─── PROVIDED ENTRIES ───

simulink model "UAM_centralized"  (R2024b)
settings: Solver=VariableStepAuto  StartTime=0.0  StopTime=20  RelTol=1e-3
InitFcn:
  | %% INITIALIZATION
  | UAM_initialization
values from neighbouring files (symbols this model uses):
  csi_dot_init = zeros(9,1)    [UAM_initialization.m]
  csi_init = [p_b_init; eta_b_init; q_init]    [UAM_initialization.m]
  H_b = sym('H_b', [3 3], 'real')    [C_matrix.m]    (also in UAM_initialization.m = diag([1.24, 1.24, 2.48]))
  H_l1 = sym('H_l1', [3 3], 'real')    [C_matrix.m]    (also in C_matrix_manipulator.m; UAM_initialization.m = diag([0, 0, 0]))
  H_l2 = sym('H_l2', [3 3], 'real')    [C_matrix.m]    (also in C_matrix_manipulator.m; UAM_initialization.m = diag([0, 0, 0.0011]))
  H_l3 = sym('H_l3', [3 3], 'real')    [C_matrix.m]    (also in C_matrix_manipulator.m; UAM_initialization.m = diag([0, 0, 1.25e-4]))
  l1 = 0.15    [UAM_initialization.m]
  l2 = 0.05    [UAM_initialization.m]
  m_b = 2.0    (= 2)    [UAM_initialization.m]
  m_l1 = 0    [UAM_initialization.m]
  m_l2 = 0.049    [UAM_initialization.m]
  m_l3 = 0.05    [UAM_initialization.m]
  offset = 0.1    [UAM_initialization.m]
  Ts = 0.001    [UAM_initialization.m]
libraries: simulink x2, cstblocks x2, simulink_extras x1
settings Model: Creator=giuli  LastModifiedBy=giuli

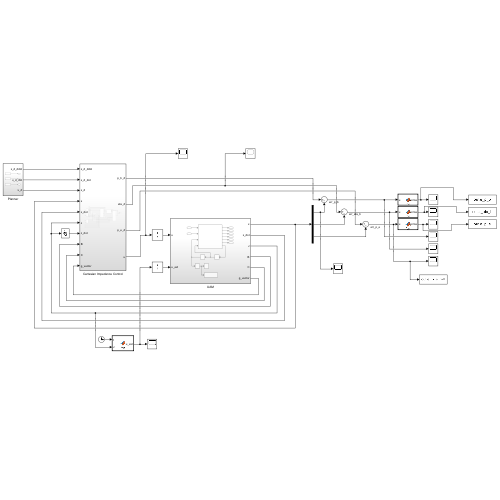
[thumbnail: Simulink's stored preview of the top-level diagram]
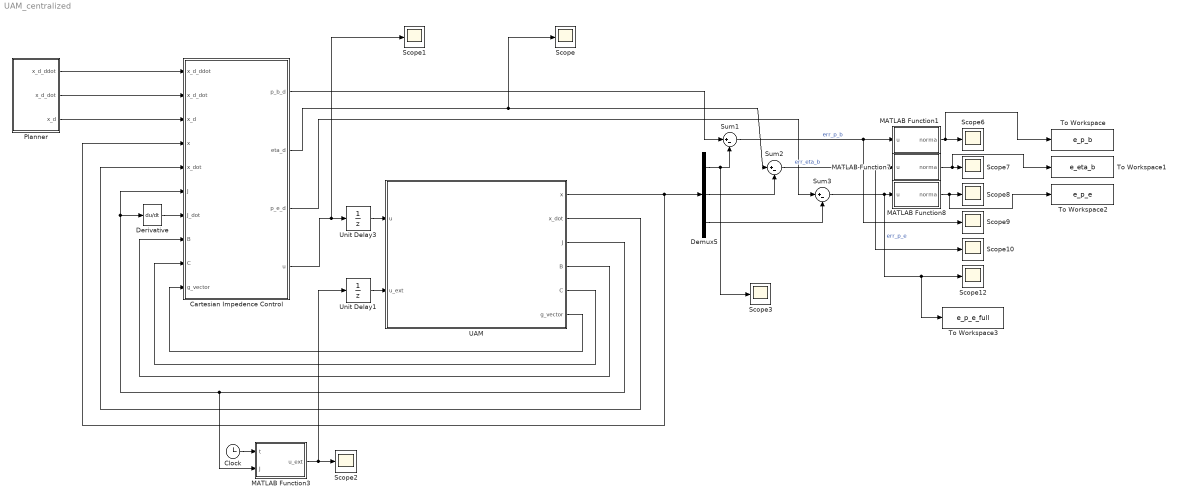
== system UAM_centralized ==
  Cartesian Impedence Control : Subsystem
  Clock : Clock
      settings: Decimation=100
  Demux5 : Demux  Outputs=[3 3 3]
  Derivative : Derivative
  MATLAB Function1 : MATLAB Function  TreatAsAtomicUnit=on
  MATLAB Function3 : MATLAB Function  TreatAsAtomicUnit=on
  MATLAB Function7 : MATLAB Function  TreatAsAtomicUnit=on
  MATLAB Function8 : MATLAB Function  TreatAsAtomicUnit=on
  Planner : Subsystem
  Scope{,1..3,6..10,12} (10 alike) : Scope
  Sum1 : Sum  Inputs=|+-
  Sum2 : Sum  Inputs=|+-
  Sum3 : Sum  Inputs=|+-
  To Workspace : ToWorkspace  VariableName=e_p_b  SampleTime=-1
  To Workspace1 : ToWorkspace  VariableName=e_eta_b  SampleTime=-1
  To Workspace2 : ToWorkspace  VariableName=e_p_e  SampleTime=-1
  To Workspace3 : ToWorkspace  VariableName=e_p_e_full  SampleTime=-1
  UAM : Subsystem
  Unit Delay1 : UnitDelay  SampleTime=Ts  HasFrameUpgradeWarning=on
  Unit Delay3 : UnitDelay  InitialCondition=[(m_b+m_l1+m_l2+m_l3)*9.81;0;0;0;0;0;0]  SampleTime=Ts  HasFrameUpgradeWarning=on
  wires:
  MATLAB Function3/1(u_ext) -> Unit Delay1/1, Scope2/1
  Clock/1 -> MATLAB Function3/1(t)
  UAM/4(B) -> Cartesian Impedence Control/8(B)
  UAM/5(C) -> Cartesian Impedence Control/9(C)
  UAM/6(g_vector) -> Cartesian Impedence Control/10(g_vector)
  UAM/1(x) -> Demux5/1, Cartesian Impedence Control/4(x)
  UAM/3(J) -> MATLAB Function3/2(J), Derivative/1, Cartesian Impedence Control/6(J)
  Unit Delay3/1 -> UAM/1(u)
  Planner/1(x_d_ddot) -> Cartesian Impedence Control/1(x_d_ddot)
  Planner/2(x_d_dot) -> Cartesian Impedence Control/2(x_d_dot)
  Planner/3(x_d) -> Cartesian Impedence Control/3(x_d)
  Derivative/1 -> Cartesian Impedence Control/7(J_dot)
  UAM/2(x_dot) -> Cartesian Impedence Control/5(x_dot)
  Cartesian Impedence Control/2(eta_d) -> Scope/1, Sum2/1
  Cartesian Impedence Control/4(u) -> Scope1/1, Unit Delay3/1
  Cartesian Impedence Control/1(p_b_d) -> Sum1/1
  Cartesian Impedence Control/3(p_e_d) -> Sum3/1
  Demux5/1 -> Scope3/1, Sum1/2
  Demux5/2 -> Sum2/2
  Demux5/3 -> Sum3/2
  Sum1/1 -> Scope9/1, MATLAB Function1/1(u)  "err_p_b"
  Sum2/1 -> Scope10/1, MATLAB Function7/1(u)  "err_eta_b"
  Sum3/1 -> To Workspace3/1, Scope12/1, MATLAB Function8/1(u)  "err_p_e"
  MATLAB Function1/1(norma) -> To Workspace/1, Scope6/1
  MATLAB Function7/1(norma) -> To Workspace1/1, Scope7/1
  MATLAB Function8/1(norma) -> To Workspace2/1, Scope8/1
  Unit Delay1/1 -> UAM/2(u_ext)

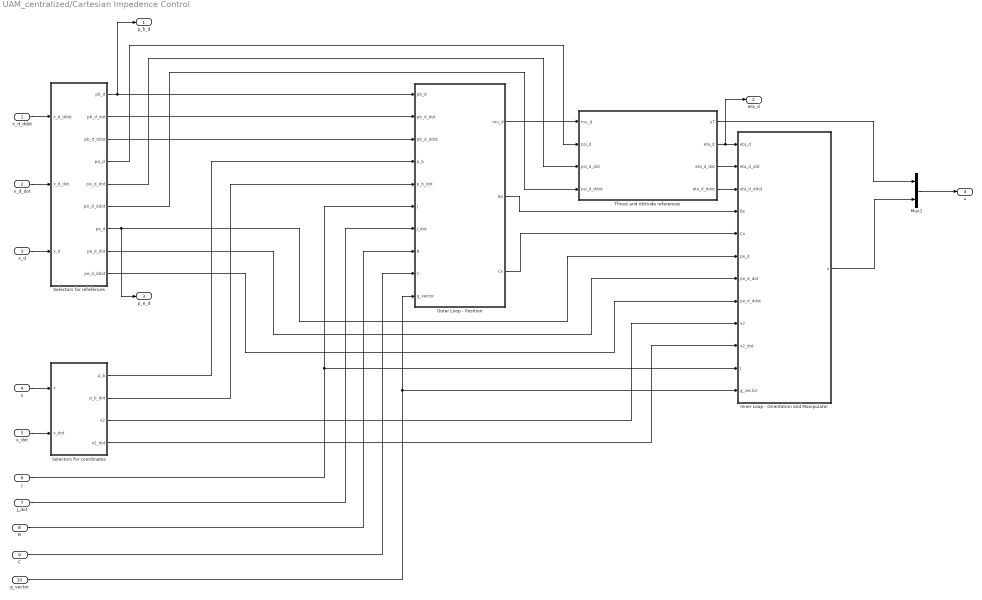
== system UAM_centralized/Cartesian Impedence Control ==
  x_d_ddot : Inport
  x_d_dot : Inport  Port=2
  x_d : Inport  Port=3
  x : Inport  Port=4
  x_dot : Inport  Port=5
  J : Inport  Port=6
  J_dot : Inport  Port=7
  B : Inport  Port=8
  C : Inport  Port=9
  g_vector : Inport  Port=10
  Inner Loop - Orientation and Manipulator : MATLAB Function  TreatAsAtomicUnit=on
  Mux1 : Mux  Inputs=[1 6]
  Outer Loop - Position : MATLAB Function  TreatAsAtomicUnit=on
  Selectors for coordinates : Subsystem
  Selectors for refefences : Subsystem
  Thrust and Attitude references : Subsystem
  p_b_d : Outport
  eta_d : Outport  Port=2
  p_e_d : Outport  Port=3
  u : Outport  Port=4
  wires:
  Outer Loop - Position/2(Bx) -> Inner Loop - Orientation and Manipulator/4(Bx)
  Selectors for refefences/9(pe_d_ddot) -> Inner Loop - Orientation and Manipulator/8(pe_d_ddot)
  Inner Loop - Orientation and Manipulator/1(u) -> Mux1/2
  Selectors for refefences/7(pe_d) -> p_e_d/1, Inner Loop - Orientation and Manipulator/6(pe_d)
  J_dot/1 -> Outer Loop - Position/7(J_dot)
  J/1 -> Inner Loop - Orientation and Manipulator/11(J), Outer Loop - Position/6(J)
  Mux1/1 -> u/1
  Selectors for refefences/4(psi_d) -> Thrust and Attitude references/2(psi_d)
  Thrust and Attitude references/3(eta_d_dot) -> Inner Loop - Orientation and Manipulator/2(eta_d_dot)
  Outer Loop - Position/3(Cx) -> Inner Loop - Orientation and Manipulator/5(Cx)
  Thrust and Attitude references/1(uT) -> Mux1/1
  Outer Loop - Position/1(mu_d) -> Thrust and Attitude references/1(mu_d)
  Selectors for refefences/8(pe_d_dot) -> Inner Loop - Orientation and Manipulator/7(pe_d_dot)
  Selectors for refefences/2(pb_d_dot) -> Outer Loop - Position/2(pb_d_dot)
  Selectors for refefences/6(psi_d_ddot) -> Thrust and Attitude references/4(psi_d_ddot)
  Selectors for refefences/5(psi_d_dot) -> Thrust and Attitude references/3(psi_d_dot)
  Selectors for coordinates/4(x2_dot) -> Inner Loop - Orientation and Manipulator/10(x2_dot)
  g_vector/1 -> Inner Loop - Orientation and Manipulator/12(g_vector), Outer Loop - Position/10(g_vector)
  Thrust and Attitude references/4(eta_d_ddot) -> Inner Loop - Orientation and Manipulator/3(eta_d_ddot)
  Selectors for refefences/1(pb_d) -> p_b_d/1, Outer Loop - Position/1(pb_d)
  Selectors for refefences/3(pb_d_ddot) -> Outer Loop - Position/3(pb_d_ddot)
  Selectors for coordinates/2(p_b_dot) -> Outer Loop - Position/5(p_b_dot)
  x/1 -> Selectors for coordinates/1(x)
  Thrust and Attitude references/2(eta_d) -> eta_d/1, Inner Loop - Orientation and Manipulator/1(eta_d)
  Selectors for coordinates/1(p_b) -> Outer Loop - Position/4(p_b)
  Selectors for coordinates/3(x2) -> Inner Loop - Orientation and Manipulator/9(x2)
  x_d_ddot/1 -> Selectors for refefences/1(x_d_ddot)
  x_d_dot/1 -> Selectors for refefences/2(x_d_dot)
  x_d/1 -> Selectors for refefences/3(x_d)
  x_dot/1 -> Selectors for coordinates/2(x_dot)
  B/1 -> Outer Loop - Position/8(B)
  C/1 -> Outer Loop - Position/9(C)

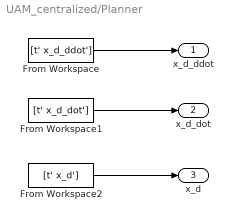
== system UAM_centralized/Planner ==
  From Workspace : FromWorkspace  VariableName=[t' x_d_ddot']  SampleTime=Ts
  From Workspace1 : FromWorkspace  VariableName=[t' x_d_dot']  SampleTime=Ts
  From Workspace2 : FromWorkspace  VariableName=[t' x_d']  SampleTime=Ts
  x_d_ddot : Outport
  x_d_dot : Outport  Port=2
  x_d : Outport  Port=3
  wires:
  From Workspace/1 -> x_d_ddot/1
  From Workspace2/1 -> x_d/1
  From Workspace1/1 -> x_d_dot/1

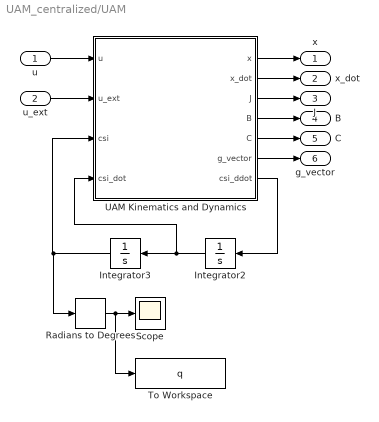
== system UAM_centralized/UAM ==
  u : Inport
  u_ext : Inport  Port=2
  Integrator2 : Integrator  InitialCondition=csi_dot_init
  Integrator3 : Integrator  InitialCondition=csi_init
  Radians to Degrees : simulink_extras/Transformations/Radians to Degrees
  Scope : Scope
  To Workspace : ToWorkspace  VariableName=q  SampleTime=-1
  UAM Kinematics and Dynamics : MATLAB Function  TreatAsAtomicUnit=on
  x : Outport
  x_dot : Outport  Port=2
  J : Outport  Port=3
  B : Outport  Port=4
  C : Outport  Port=5
  g_vector : Outport  Port=6
  wires:
  u_ext/1 -> UAM Kinematics and Dynamics/2(u_ext)
  UAM Kinematics and Dynamics/6(g_vector) -> g_vector/1
  u/1 -> UAM Kinematics and Dynamics/1(u)
  UAM Kinematics and Dynamics/3(J) -> J/1
  UAM Kinematics and Dynamics/4(B) -> B/1
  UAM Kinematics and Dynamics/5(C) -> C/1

───

WHAT IS NEEDED
Go through the records line by line and give the number of lines with the string "Integrator" in them, stating nothing else.

EXERCISE RESULT
2